- _Exercise objective_
After locating the line that contains "#76=CIRCLE('',#75,7.5);" in the records below, write out exactly that line and each line after it through the one that contains "#84=VECTOR('',#83,1.);", and nothing else.
------------------------------------------------
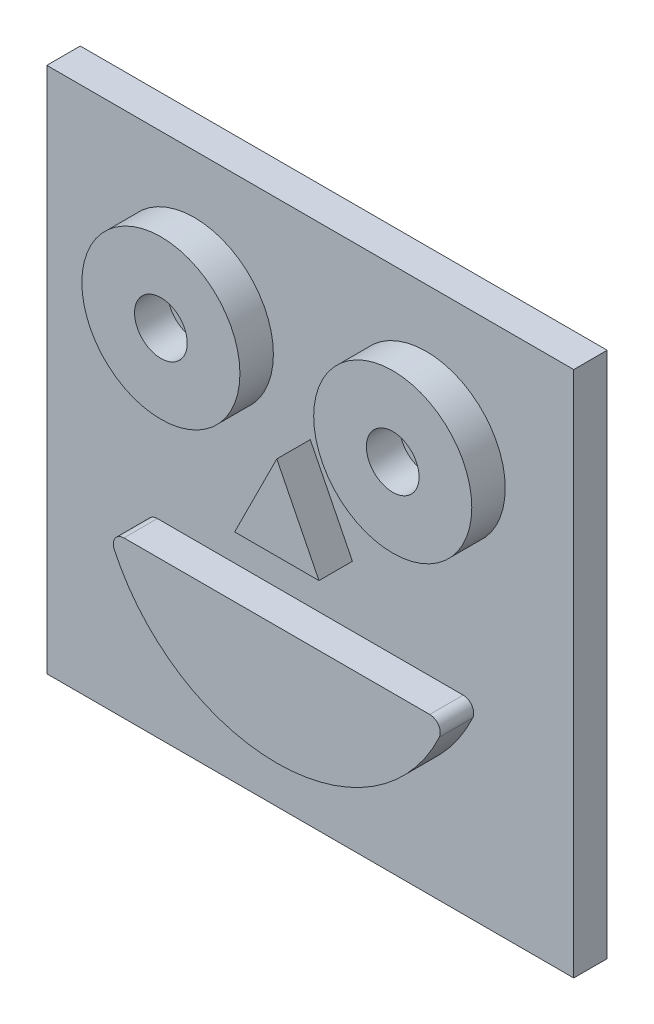
ISO-10303-21;
HEADER;
FILE_DESCRIPTION(('STEP AP214'),'2;1');
FILE_NAME('part.step','',(''),(''),'','','');
FILE_SCHEMA(('AUTOMOTIVE_DESIGN { 1 0 10303 214 1 1 1 1 }'));
ENDSEC;
DATA;
#1=APPLICATION_CONTEXT('core data for automotive mechanical design processes');
#2=APPLICATION_PROTOCOL_DEFINITION('international standard','automotive_design',2000,#1);
#3=PRODUCT_CONTEXT('',#1,'mechanical');
#4=PRODUCT('Part','Part','',(#3));
#5=PRODUCT_RELATED_PRODUCT_CATEGORY('part','',(#4));
#6=PRODUCT_DEFINITION_FORMATION('','',#4);
#7=PRODUCT_DEFINITION_CONTEXT('part definition',#1,'design');
#8=PRODUCT_DEFINITION('design','',#6,#7);
#9=PRODUCT_DEFINITION_SHAPE('','',#8);
#10=(LENGTH_UNIT() NAMED_UNIT(*) SI_UNIT(.MILLI.,.METRE.));
#11=(NAMED_UNIT(*) PLANE_ANGLE_UNIT() SI_UNIT($,.RADIAN.));
#12=(NAMED_UNIT(*) SI_UNIT($,.STERADIAN.) SOLID_ANGLE_UNIT());
#13=UNCERTAINTY_MEASURE_WITH_UNIT(LENGTH_MEASURE(1.E-05),#10,'distance_accuracy_value','');
#14=(GEOMETRIC_REPRESENTATION_CONTEXT(3) GLOBAL_UNCERTAINTY_ASSIGNED_CONTEXT((#13)) GLOBAL_UNIT_ASSIGNED_CONTEXT((#10,
#11,#12)) REPRESENTATION_CONTEXT('',''));
#15=CARTESIAN_POINT('',(0.,0.,0.));
#16=DIRECTION('',(0.,0.,1.));
#17=DIRECTION('',(1.,0.,0.));
#18=AXIS2_PLACEMENT_3D('',#15,#16,#17);
#19=CARTESIAN_POINT('',(0.,0.,3.175));
#20=DIRECTION('',(0.,0.,-1.));
#21=DIRECTION('',(-1.,0.,0.));
#22=AXIS2_PLACEMENT_3D('',#19,#20,#21);
#23=PLANE('',#22);
#24=CARTESIAN_POINT('',(0.,-1.25543735346197,3.175));
#25=DIRECTION('',(0.,0.,1.));
#26=DIRECTION('',(1.,0.,0.));
#27=AXIS2_PLACEMENT_3D('',#24,#25,#26);
#28=CIRCLE('',#27,17.);
#29=CARTESIAN_POINT('',(-15.415804946535,-8.42153516540863,3.175));
#30=VERTEX_POINT('',#29);
#31=CARTESIAN_POINT('',(15.415804946535,-8.42153516540863,3.175));
#32=VERTEX_POINT('',#31);
#33=EDGE_CURVE('E140',#30,#32,#28,.T.);
#34=ORIENTED_EDGE('',*,*,#33,.F.);
#35=CARTESIAN_POINT('',(-14.5089928908565,-8.,3.175));
#36=DIRECTION('',(0.,0.,-1.));
#37=DIRECTION('',(-1.,0.,0.));
#38=AXIS2_PLACEMENT_3D('',#35,#36,#37);
#39=CIRCLE('',#38,1.);
#40=CARTESIAN_POINT('',(-14.5089928908565,-7.,3.175));
#41=VERTEX_POINT('',#40);
#42=EDGE_CURVE('E11',#30,#41,#39,.T.);
#43=ORIENTED_EDGE('',*,*,#42,.T.);
#44=DIRECTION('',(-1.,0.,0.));
#45=VECTOR('',#44,1.);
#46=CARTESIAN_POINT('',(-16.,-7.,3.175));
#47=LINE('',#46,#45);
#48=CARTESIAN_POINT('',(14.5089928908565,-7.,3.175));
#49=VERTEX_POINT('',#48);
#50=EDGE_CURVE('E142',#49,#41,#47,.T.);
#51=ORIENTED_EDGE('',*,*,#50,.F.);
#52=CARTESIAN_POINT('',(14.5089928908565,-8.,3.175));
#53=DIRECTION('',(0.,0.,-1.));
#54=DIRECTION('',(-1.,0.,0.));
#55=AXIS2_PLACEMENT_3D('',#52,#53,#54);
#56=CIRCLE('',#55,1.);
#57=EDGE_CURVE('E41',#49,#32,#56,.T.);
#58=ORIENTED_EDGE('',*,*,#57,.T.);
#59=EDGE_LOOP('',(#34,#43,#51,#58));
#60=FACE_BOUND('',#59,.T.);
#61=CARTESIAN_POINT('',(11.,12.,3.175));
#62=DIRECTION('',(0.,0.,-1.));
#63=DIRECTION('',(-1.,0.,0.));
#64=AXIS2_PLACEMENT_3D('',#61,#62,#63);
#65=CIRCLE('',#64,7.5);
#66=CARTESIAN_POINT('',(3.5,12.,3.175));
#67=VERTEX_POINT('',#66);
#68=EDGE_CURVE('E205',#67,#67,#65,.F.);
#69=ORIENTED_EDGE('',*,*,#68,.F.);
#70=EDGE_LOOP('',(#69));
#71=FACE_BOUND('',#70,.T.);
#72=CARTESIAN_POINT('',(-11.,12.,3.175));
#73=DIRECTION('',(0.,0.,-1.));
#74=DIRECTION('',(-1.,0.,0.));
#75=AXIS2_PLACEMENT_3D('',#72,#73,#74);
#76=CIRCLE('',#75,7.5);
#77=CARTESIAN_POINT('',(-18.5,12.,3.175));
#78=VERTEX_POINT('',#77);
#79=EDGE_CURVE('E202',#78,#78,#76,.F.);
#80=ORIENTED_EDGE('',*,*,#79,.F.);
#81=EDGE_LOOP('',(#80));
#82=FACE_BOUND('',#81,.T.);
#83=DIRECTION('',(0.,1.,0.));
#84=VECTOR('',#83,1.);
#85=CARTESIAN_POINT('',(24.9999999999999,-25.0000000000001,3.175));
#86=LINE('',#85,#84);
#87=CARTESIAN_POINT('',(24.9999999999999,-25.0000000000001,3.175));
#88=VERTEX_POINT('',#87);
#89=CARTESIAN_POINT('',(24.9999999999999,25.,3.175));
#90=VERTEX_POINT('',#89);
#91=EDGE_CURVE('E173',#88,#90,#86,.T.);
#92=ORIENTED_EDGE('',*,*,#91,.T.);
#93=DIRECTION('',(-1.,0.,0.));
#94=VECTOR('',#93,1.);
#95=CARTESIAN_POINT('',(-25.0000000000001,25.,3.175));
#96=LINE('',#95,#94);
#97=CARTESIAN_POINT('',(-25.0000000000001,25.,3.175));
#98=VERTEX_POINT('',#97);
#99=EDGE_CURVE('E176',#90,#98,#96,.T.);
#100=ORIENTED_EDGE('',*,*,#99,.T.);
#101=DIRECTION('',(0.,-1.,0.));
#102=VECTOR('',#101,1.);
#103=CARTESIAN_POINT('',(-25.0000000000001,-25.0000000000001,3.175));
#104=LINE('',#103,#102);
#105=CARTESIAN_POINT('',(-25.0000000000001,-25.0000000000001,3.175));
#106=VERTEX_POINT('',#105);
#107=EDGE_CURVE('E179',#98,#106,#104,.T.);
#108=ORIENTED_EDGE('',*,*,#107,.T.);
#109=DIRECTION('',(1.,0.,0.));
#110=VECTOR('',#109,1.);
#111=CARTESIAN_POINT('',(-25.0000000000001,-25.0000000000001,3.175));
#112=LINE('',#111,#110);
#113=EDGE_CURVE('E181',#106,#88,#112,.T.);
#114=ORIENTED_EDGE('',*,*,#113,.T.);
------------------------------------------------
- _Answer to the problem_
#76=CIRCLE('',#75,7.5);
#77=CARTESIAN_POINT('',(-18.5,12.,3.175));
#78=VERTEX_POINT('',#77);
#79=EDGE_CURVE('E202',#78,#78,#76,.F.);
#80=ORIENTED_EDGE('',*,*,#79,.F.);
#81=EDGE_LOOP('',(#80));
#82=FACE_BOUND('',#81,.T.);
#83=DIRECTION('',(0.,1.,0.));
#84=VECTOR('',#83,1.);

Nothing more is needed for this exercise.